Many creative approaches to AI alignment have been proposed over the years. Some of them, like mechanistic interpretability (“mech interp”), can be considered building blocks instead of total solutions. Others, like scalable oversight, address the whole problem, but arguably side-step the crux of it, which notably, according to MIRI, is the development of a fully rigorous Agent Foundations theory.

This is probably most similar to a scalable oversight strategy. One idea is to utilize this as a sort of defense-in-depth, where the slower substrate is layered on top of other alignment strategies to decrease the probability of a sharp left turn.

Another potentially big idea would be to substitute this approach (varying intelligence speed) for the approach in Christiano’s iterated distillation and amplification proposal (varying number of agents), which would turn this into a possible full solution and would sidestep Eliezer Yudkowsky’s main gripe with IDA.

Isn’t this just a boxed AI?

No, a boxed ASI remains superintelligent and capable of outwitting its constraints (human or otherwise) to escape. A slowed AI, on the other hand, while logically advancing, operates at a pace much slower than human thought, allowing us to monitor and intervene as necessary.

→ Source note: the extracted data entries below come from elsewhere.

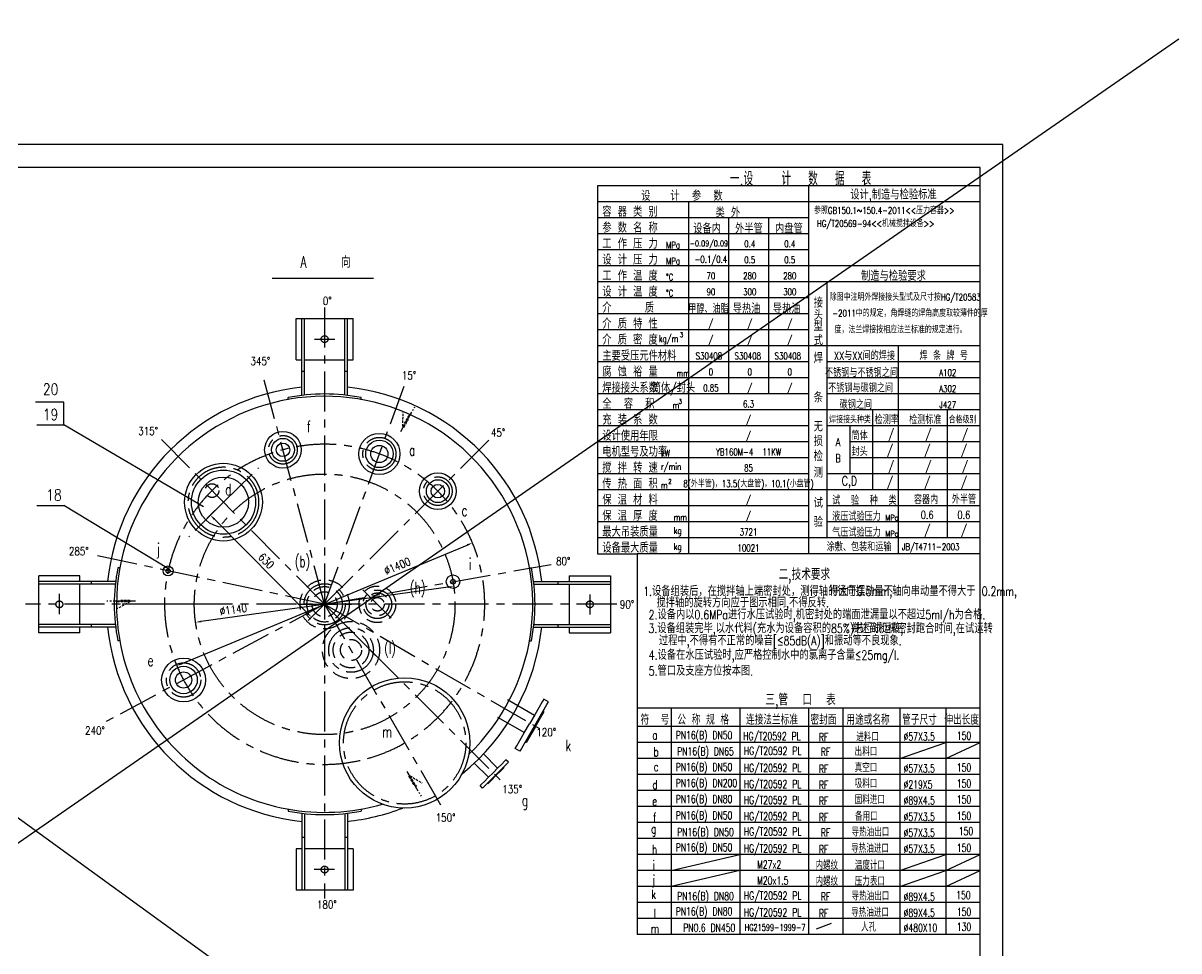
# Model space of a CAD drawing. Header units: millimetres. Extents: x -1762 to 42666, y -863 to 15979.
# Drawn here: x 25708 to 30762, y 2313 to 6372 of the extents above; entities that cross this region are included whole.
import ezdxf
from ezdxf.enums import TextEntityAlignment as Align

# ---------------------------------------------------------------- set-up
doc = ezdxf.new("R2010")
doc.units = ezdxf.units.MM
doc.header["$LTSCALE"] = 10
doc.header["$MEASUREMENT"] = 0
doc.linetypes.add('CENTER', pattern=[2, 1.25, -0.25, 0.25, -0.25])
doc.linetypes.add('DASHED', pattern=[0.75, 0.5, -0.25])
doc.layers.get('0').update_dxf_attribs({"linetype": 'CONTINUOUS'})
doc.layers.get('DEFPOINTS').update_dxf_attribs({"linetype": 'CONTINUOUS'})
for name, color, linetype in [('1轮廓实线层', 7, 'CONTINUOUS'), ('2细线层', 3, 'CONTINUOUS'), ('3中心线层', 1, 'CENTER'), ('4虚线层', 6, 'DASHED'), ('6文字层', 3, 'CONTINUOUS'), ('7标注层', 4, 'CONTINUOUS'), ('LAYER1', 6, 'DASHED'), ('LAYER3', 1, 'CENTER'), ('图框层', 7, 'CONTINUOUS')]:
    doc.layers.add(name, color=color, linetype=linetype)
doc.styles.add('HZ', font='txt', dxfattribs={"width": 0.7, "height": 5, "bigfont": 'hztxt'})
doc.styles.add('PC_TEXTSTYLE', font='romans.shx', dxfattribs={"width": 0.8, "bigfont": 'hzfs.shx'})
doc.dimstyles.new('TH_GBDIM', dxfattribs={"dimscale": 10, "dimtxt": 3.5, "dimasz": 2.5, "dimexe": 2, "dimexo": 0, "dimgap": 1.5, "dimtad": 1, "dimdec": 0, "dimzin": 0, "dimdsep": 46, "dimtxsty": 'PC_TEXTSTYLE', "dimcen": 2.5, "dimadec": 0, "dimazin": 0, "dimtfac": 0.714286, "dimtdec": 0, "dimtmove": 0, "dimatfit": 3, "dimfxl": 0, "dimtolj": 1, "dimtzin": 0, "dimarcsym": 0})

# ---------------------------------------------------------------- blocks, each defined once
blk = doc.blocks.new('*D124')
at = {"layer": '7标注层', "color": 0, "lineweight": -2, "ltscale": 14, "transparency": 16777216}
blk.add_line((26403.2, 3570.1), (27649.7, 4088.4), dxfattribs=at)
at = {"layer": '7标注层', "color": 0, "ltscale": 14, "transparency": 16777216}
for points in [[(27648.1, 4092.3), (27651.3, 4084.6), (27672.8, 4098)], [(26401.6, 3574), (26404.8, 3566.3), (26380.1, 3560.5)]]:
    blk.add_solid(points, dxfattribs=at)
at = {"layer": 'DEFPOINTS', "color": 0, "ltscale": 14, "transparency": 16777216}
for p in [(27672.8, 4098), (26380.1, 3560.5)]:
    blk.add_point(p, dxfattribs=at)
at = {"layer": '7标注层', "color": 3, "ltscale": 14, "transparency": 16777216, "insert": (27344.2, 3996.6), "char_height": 35, "attachment_point": 5, "rotation": 22.5766, "style": 'PC_TEXTSTYLE'}
blk.add_mtext('\\A1;%%c1400{}{}', dxfattribs=at)
blk = doc.blocks.new('*D174')
at = {"layer": '7标注层', "color": 0, "lineweight": -2, "ltscale": 14, "transparency": 16777216}
blk.add_line((27566.2, 3904.5), (26486.7, 3754.1), dxfattribs=at)
at = {"layer": '7标注层', "color": 0, "ltscale": 14, "transparency": 16777216}
for points in [[(27565.7, 3908.6), (27566.8, 3900.3), (27591, 3907.9)], [(26486.1, 3758.2), (26487.2, 3749.9), (26461.9, 3750.6)]]:
    blk.add_solid(points, dxfattribs=at)
at = {"layer": 'DEFPOINTS', "color": 0, "ltscale": 14, "transparency": 16777216}
for p in [(27591, 3907.9), (26461.9, 3750.6)]:
    blk.add_point(p, dxfattribs=at)
at = {"layer": '7标注层', "color": 3, "ltscale": 14, "transparency": 16777216, "insert": (26627, 3806.4), "char_height": 35, "attachment_point": 5, "rotation": 7.9303, "style": 'PC_TEXTSTYLE'}
blk.add_mtext('\\A1;∅1140', dxfattribs=at)
blk = doc.blocks.new('*D175')
at = {"layer": '7标注层', "color": 0, "lineweight": -2, "ltscale": 14, "transparency": 16777216}
for p, q in [((26584, 4276.2), (26512.5, 4205.4)), ((26544.3, 4201.7), (26951.6, 3790.4)), ((27026.4, 3829.3), (26955, 3758.5))]:
    blk.add_line(p, q, dxfattribs=at)
at = {"layer": '7标注层', "color": 0, "ltscale": 14, "transparency": 16777216}
for points in [[(26547.3, 4204.7), (26541.4, 4198.8), (26526.7, 4219.5)], [(26954.6, 3793.3), (26948.7, 3787.4), (26969.2, 3772.6)]]:
    blk.add_solid(points, dxfattribs=at)
at = {"layer": 'DEFPOINTS', "color": 0, "ltscale": 14, "transparency": 16777216}
for p in [(26584, 4276.2), (27026.4, 3829.3), (26969.2, 3772.6)]:
    blk.add_point(p, dxfattribs=at)
at = {"layer": '7标注层', "color": 3, "ltscale": 14, "transparency": 16777216, "insert": (26771.1, 4018.9), "char_height": 35, "attachment_point": 5, "rotation": 314.7134, "style": 'PC_TEXTSTYLE'}
blk.add_mtext('\\A1;630', dxfattribs=at)

msp = doc.modelspace()

# ---------------------------------------------------------------- linework, layer by layer
at = {"ltscale": 14}
for p, q in [((27826.44, 3413.28), (27944.65, 3345.02)), ((27781.94, 3336.2), (27900.15, 3267.94)), ((27680.92, 3134.48), (27742.74, 3072.66)), ((27721.23, 3174.78), (27783.04, 3112.96))]:
    msp.add_line(p, q, dxfattribs=at)
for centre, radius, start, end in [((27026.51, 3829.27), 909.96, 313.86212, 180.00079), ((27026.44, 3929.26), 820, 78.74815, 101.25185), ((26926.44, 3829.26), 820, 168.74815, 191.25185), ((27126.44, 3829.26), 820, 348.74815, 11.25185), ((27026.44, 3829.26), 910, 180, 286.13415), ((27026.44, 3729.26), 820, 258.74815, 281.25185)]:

Possible computing substrates

Current silicon-based computers, even old ones, often think faster than humans in specific domains (e.g., calculators). We need substrates inherently slower than human cognition. Potential candidates include:

  • DNA Computers: Utilizes biological molecules, specifically DNA, to perform computations through biochemical reactions.

  • Chemical Computers (like Belousov-Zhabotinsky (BZ) Reaction Computers): The BZ reaction is a classic example of a non-equilibrium thermodynamic process that exhibits oscillating chemical reactions. This system can be used to perform logical operations by interpreting the oscillations as computational signals.

  • Enzyme-based Computers: These systems use enzymes to catalyze reactions that can represent and process information. The reaction rates and outcomes can be controlled to perform computations.

  • Membrane Computers (P Systems): This paradigm uses biological membranes to compartmentalize chemical reactions. The transport of molecules across membranes can simulate computational steps.

But how do we build it?

Training an AI on a slow substrate might present unique challenges. Initially, we might need to bootstrap the training process on modern, fast hardware before transferring the developed AI to a slower substrate to finalize its development. This phased approach could ensure efficient and effective training while mitigating the risks associated with training and evaluating powerful models.

tl;dr

The main idea is that by adopting slower computing substrates for AI, we could create a controllable environment to develop and evaluate superintelligence.

I wrote this post in order to wonder-out-loud; my hopes are that somebody has thought of this and can point me to rebuttals or previous explorations on this topic. Perhaps I’ve missed something obvious. Let me hear it.